For Solaris I've found the info at http://docs.oracle.com/cd/E23824_01/html/821-1475/tcp-7p.html (see also https://docs.oracle.com/cd/E19120-01/open.solaris/819-2724/fsvdg/index.html and https://docs.oracle.com/cd/E19120-01/open.solaris/819-2724/fsvdh/index.html). There are two tunables:

 - TCP_KEEPALIVE_THRESHOLD: this is the same as Linux' idle time, but in milliseconds. It defaults to 2 hours.

 - TCP_KEEPALIVE_ABORT_THRESHOLD: this is the same as Linux' TCP_KEEPINTVL multiplied by TCP_KEEPCNT, but in milliseconds. It defaults to 8 minutes.

FreeBSD uses the same tunables as Linux, with the same names (see https://www.freebsd.org/cgi/man.cgi?query=tcp&sektion=4&apropos=0&manpath=FreeBSD+10.1-RELEASE), so the patch should work for FreeBSD as well.

For MacOS X there is only one tunable TCP_KEEPALIVE that sets the idle time (see https://developer.apple.com/library/mac/documentation/Darwin/Reference/ManPages/man4/tcp.4.html).

Note that in my patch the value used for the interval is set to 1 second on Linux and Windows, following Window's default; which at least in our application is a better match that the longer default timeout of Linux and Solaris.

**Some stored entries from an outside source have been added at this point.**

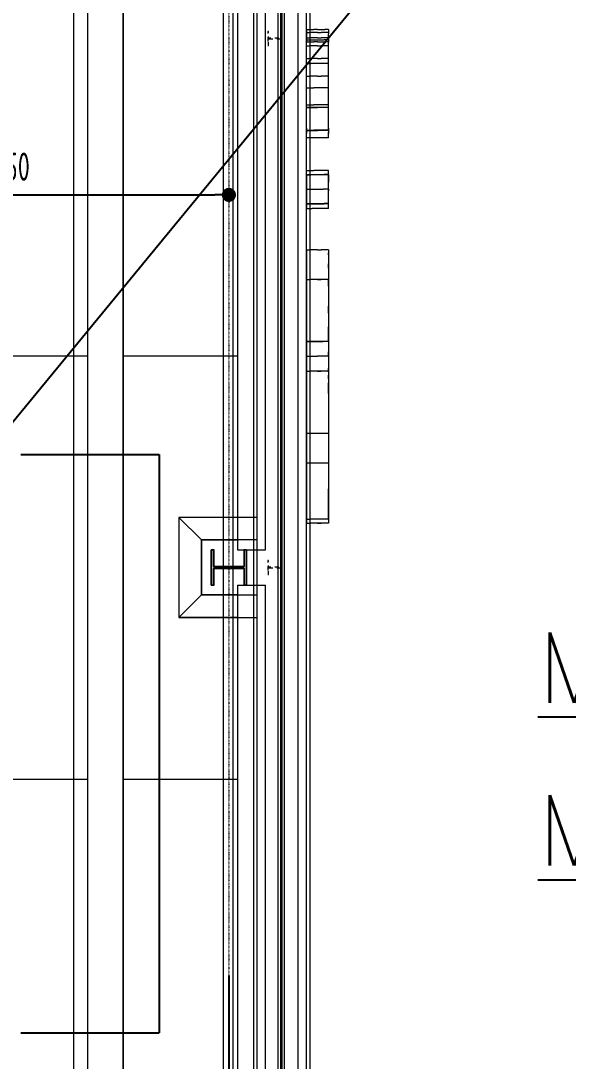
# Model space of a CAD drawing. Extents: x -32000 to 416743, y -254124 to 144214.
# Drawn here: x 260125 to 264005, y 79000 to 86375 of the extents above; entities that cross this region are included whole.
import ezdxf

# ---------------------------------------------------------------- set-up
doc = ezdxf.new("R2010")
doc.units = 0
doc.header["$LTSCALE"] = 10
for name, pattern in [('H12PL4$0$JJP_三點線', [0.9, 0.3, -0.15, 0, -0.15, 0, -0.15, 0, -0.15]), ('H12PL4$0$TAI_虛線', [5.644, 2.822, -2.822]), ('XFM7P40ICA$0$H12PL4$0$CENTERK1', [0.0983, 0.0833, -0.005, 0.005, -0.005]), ('XFM7P40ICA$0$H12PL4$0$JJP_三點線', [0.9, 0.3, -0.15, 0, -0.15, 0, -0.15, 0, -0.15]), ('XFM7P40ICA$0$H12PL4$0$JJP_虛線(退縮線、投影線、地下室範圍、非屬本工程、圖面分區)', [0.45, 0.3, -0.15]), ('XFM7P40ICA$0$H12PL4$0$TAI_虛線', [5.644, 2.822, -2.822])]:
    doc.linetypes.add(name, pattern=pattern)
for name, color, linetype in [('H12PL4$0$A-WALL-EX', 252, 'Continuous'), ('H12PL4$0$S-COL', 252, 'Continuous'), ('H12PL4$0$S-GRID', 252, 'Continuous'), ('H12PL4$0$S-SLAB-SHOW', 252, 'Continuous'), ('XFM1D40$0$M-HVAC-CMDUCT', 150, 'Continuous'), ('XFM1P40$0$$0$M-PIPE-TEXT-ARROR', 250, 'Continuous'), ('XFM1P40$0$E-CBL-DIM', 250, 'Continuous'), ('XFM1Q40$0$TYPE14X10', 7, 'Continuous'), ('XFM7P40ICA$0$H12PL4$0$A-WALL-EX', 252, 'Continuous'), ('XFM7P40ICA$0$H12PL4$0$Hattch', 252, 'Continuous'), ('XFM7P40ICA$0$H12PL4$0$L40_19_MEJI', 252, 'Continuous'), ('XFM7P40ICA$0$H12PL4$0$L40_19_STEEL2', 252, 'Continuous'), ('XFM7P40ICA$0$H12PL4$0$L40_19_SUGATA2', 252, 'Continuous'), ('XFM7P40ICA$0$H12PL4$0$L40_19_SUGATA3', 252, 'Continuous'), ('XFM7P40ICA$0$H12PL4$0$S-COL', 252, 'Continuous'), ('XFM7P40ICA$0$H12PL4$0$S-GRID', 252, 'Continuous')]:
    doc.layers.add(name, color=color, linetype=linetype)
doc.styles.add('XFM1P40$0$$0$aa-txt', font='isocp.shx', dxfattribs={"bigfont": 'chineset.shx'})
doc.styles.add('XFM1P40$0$dim-txt', font='isocp.shx', dxfattribs={"width": 0.7, "bigfont": 'chineset.shx'})
doc.styles.add('XFM1Q40$0$LSP', font='SIMPLEX.shx', dxfattribs={"bigfont": 'chineset.shx'})
doc.dimstyles.new('XFM1P40$0$$0$adim-200', dxfattribs={"dimscale": 200, "dimtxt": 0.3, "dimasz": 2.5, "dimexe": 0.1, "dimexo": 0.5, "dimgap": 0.15, "dimtad": 0, "dimdec": 4, "dimzin": 3, "dimdsep": 46, "dimtxsty": 'XFM1P40$0$$0$aa-txt', "dimcen": 2.5, "dimclrd": 256, "dimclre": 256, "dimclrt": 256, "dimadec": 0, "dimazin": 0, "dimtfac": 1, "dimtdec": 4, "dimtmove": 0, "dimatfit": 3, "dimfxl": 1, "dimtolj": 1, "dimtzin": 0, "dimarcsym": 0})
doc.dimstyles.new('XFM1P40$0$2000-dim', dxfattribs={"dimscale": 2000, "dimtxt": 0.1, "dimasz": 0.05, "dimexe": 0.1, "dimexo": 0.1, "dimgap": 0.05, "dimtad": 1, "dimdec": 0, "dimrnd": 5, "dimtxsty": 'XFM1P40$0$dim-txt', "dimblk": 'XFM1P40$0$_Dot', "dimcen": 2, "dimclrd": 256, "dimclre": 256, "dimclrt": 256, "dimadec": 0, "dimazin": 0, "dimtfac": 1, "dimtdec": 0, "dimtix": 1, "dimtmove": 2, "dimatfit": 3, "dimldrblk": 'XFM1P40$0$_Oblique', "dimfxl": 1, "dimtvp": 1, "dimarcsym": 0})

# ---------------------------------------------------------------- blocks, each defined once
blk = doc.blocks.new('H12PL4')
at = {"layer": 'H12PL4$0$A-WALL-EX', "lineweight": 0}
for p, q in [((261800, 30500), (261800, 89960)), ((262150, 86313.4), (262150, 86295.3)), ((262150, 86313.4), (262176, 86313.4)), ((262150, 86295.3), (262150, 86292.5)), ((262150, 86292.5), (262176, 86292.5)), ((262150, 86292.5), (262150, 86282.9)), ((262176, 86313.4), (262202, 86313.4)), ((262202, 86292.5), (262176, 86292.5)), ((262228, 86313.4), (262202, 86313.4)), ((262228, 86292.5), (262202, 86292.5)), ((262228, 86313.4), (262254, 86313.4)), ((262228, 86292.5), (262254, 86292.5)), ((262254, 86313.4), (262280, 86313.4)), ((262280, 86292.5), (262254, 86292.5)), ((262306, 86313.4), (262280, 86313.4)), ((262306, 86292.5), (262280, 86292.5)), ((262306, 86313.4), (262306, 86295.3)), ((262306, 86292.5), (262306, 86295.3)), ((262306, 86292.5), (262306, 86282.9)), ((262150, 86282.9), (262150, 86273.1)), ((262150, 86273.1), (262150, 86263.6)), ((262150, 86263.6), (262150, 86254.4)), ((262150, 86254.4), (262176, 86254.4)), ((262150, 86254.4), (262150, 86224)), ((262150, 86241.3), (262181.2, 86241.3)), ((262150, 86227.2), (262176, 86227.2)), ((262150, 86193.3), (262150, 86224)), ((262202, 86254.4), (262176, 86254.4)), ((262176, 86227.2), (262202, 86227.2)), ((262181.2, 86241.3), (262212.4, 86241.3)), ((262228, 86254.4), (262202, 86254.4)), ((262228, 86227.2), (262202, 86227.2)), ((262212.4, 86241.3), (262243.6, 86241.3)), ((262228, 86254.4), (262254, 86254.4)), ((262228, 86227.2), (262254, 86227.2)), ((262243.6, 86241.3), (262274.8, 86241.3)), ((262280, 86254.4), (262254, 86254.4)), ((262254, 86227.2), (262280, 86227.2)), ((262306, 86241.3), (262274.8, 86241.3)), ((262306, 86254.4), (262280, 86254.4)), ((262306, 86227.2), (262280, 86227.2)), ((262306, 86273.1), (262306, 86282.9)), ((262306, 86263.6), (262306, 86273.1)), ((262306, 86254.4), (262306, 86263.6)), ((262306, 86254.4), (262306, 86224)), ((262306, 86193.3), (262306, 86224)), ((262150, 86198.4), (262176, 86198.4)), ((262150, 86162.3), (262150, 86193.3)), ((262150, 86130.9), (262150, 86162.3)), ((262202, 86198.4), (262176, 86198.4)), ((262228, 86198.4), (262202, 86198.4)), ((262228, 86198.4), (262254, 86198.4)), ((262280, 86198.4), (262254, 86198.4)), ((262306, 86198.4), (262280, 86198.4)), ((262306, 86162.3), (262306, 86193.3)), ((262306, 86130.9), (262306, 86162.3)), ((262150, 86099.4), (262150, 86130.9)), ((262150, 86108.1), (262176, 86108.1)), ((262150, 86067.6), (262150, 86099.4)), ((262150, 86073.3), (262181.2, 86073.3)), ((262202, 86108.1), (262176, 86108.1)), ((262212.4, 86073.3), (262181.2, 86073.3)), ((262228, 86108.1), (262202, 86108.1)), ((262243.6, 86073.3), (262212.4, 86073.3)), ((262228, 86108.1), (262254, 86108.1)), ((262274.8, 86073.3), (262243.6, 86073.3)), ((262280, 86108.1), (262254, 86108.1)), ((262306, 86073.3), (262274.8, 86073.3)), ((262306, 86108.1), (262280, 86108.1)), ((262306, 86099.4), (262306, 86130.9)), ((262306, 86067.6), (262306, 86099.4)), ((262150, 86035.7), (262150, 86067.6)), ((262150, 86003.6), (262150, 86035.7)), ((262150, 85971.3), (262150, 86003.6)), ((262306, 86035.7), (262306, 86067.6)), ((262306, 86003.6), (262306, 86035.7)), ((262306, 85971.3), (262306, 86003.6)), ((262150, 85982.3), (262176, 85982.3)), ((262150, 85939.3), (262150, 85971.3)), ((262150, 85906.9), (262150, 85939.3)), ((262202, 85982.3), (262176, 85982.3)), ((262228, 85982.3), (262202, 85982.3)), ((262228, 85982.3), (262254, 85982.3)), ((262280, 85982.3), (262254, 85982.3)), ((262306, 85982.3), (262280, 85982.3)), ((262306, 85939.3), (262306, 85971.3)), ((262306, 85906.9), (262306, 85939.3)), ((262150, 85875.4), (262150, 85906.9)), ((262150, 85899.5), (262202, 85899.5)), ((262150, 85845.1), (262150, 85875.4)), ((262254, 85899.5), (262202, 85899.5)), ((262306, 85899.5), (262254, 85899.5)), ((262306, 85875.4), (262306, 85906.9)), ((262306, 85845.1), (262306, 85875.4)), ((262150, 85815.9), (262150, 85845.1)), ((262150, 85787.4), (262150, 85815.9)), ((262150, 85760.3), (262150, 85787.4)), ((262150, 85780.3), (262202, 85780.3)), ((262150, 85779.3), (262202, 85779.3)), ((262254, 85780.3), (262202, 85780.3)), ((262254, 85779.3), (262202, 85779.3)), ((262306, 85780.3), (262254, 85780.3)), ((262306, 85779.3), (262254, 85779.3)), ((262306, 85815.9), (262306, 85845.1)), ((262306, 85787.4), (262306, 85815.9)), ((262306, 85760.3), (262306, 85787.4)), ((262150, 85734.6), (262150, 85760.3)), ((262306, 85760), (262150, 85760)), ((262150, 85759.9), (262228, 85759.9)), ((262150, 85710.4), (262150, 85734.6)), ((262150, 85687.7), (262150, 85710.4)), ((262306, 85759.9), (262228, 85759.9)), ((262306, 85734.6), (262306, 85760.3)), ((262306, 85710.4), (262306, 85734.6)), ((262306, 85687.7), (262306, 85710.4)), ((262150, 85666.6), (262150, 85687.7)), ((262150, 85666.7), (262150, 85666.6)), ((262150, 85647), (262150, 85666.6)), ((262150, 85647), (262150, 85646.9)), ((262150, 85629.1), (262150, 85647)), ((262150, 85613.7), (262150, 85629.1)), ((262306, 85666.6), (262306, 85687.7)), ((262306, 85666.7), (262306, 85666.6)), ((262306, 85647), (262306, 85666.6)), ((262306, 85647), (262306, 85646.9)), ((262306, 85629.1), (262306, 85647)), ((262306, 85613.7), (262306, 85629.1)), ((262150, 85598.3), (262150, 85613.7)), ((262150, 85613.2), (262150, 85598.3)), ((262150, 85600.6), (262202, 85600.6)), ((262150, 85598.3), (262150, 85586.1)), ((262150, 85598.3), (262228, 85598.3)), ((262150, 85586.1), (262150, 85575.4)), ((262150, 85575.1), (262150, 85586.1)), ((262150, 85565.9), (262150, 85575.1)), ((262150, 85558.4), (262150, 85565.9)), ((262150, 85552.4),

It seems most OSes that implement TCP keepalive have at least the notion of the idle time (when they implement per-socket settings), which is in line with RFC1122. Other options are "implementation details".

The patch has been extensively tested on Linux 2.6 and Windows (XP and later) and has been in production in our products for quite some time. The patch should work for FreeBSD as it uses the same socket options as Linux (but I do not have a FreeBSD machine to test it).

For MacOS X and Solaris the patch should be extended. I do not have any Mac OS X or Solaris machines to test that, not even compile it.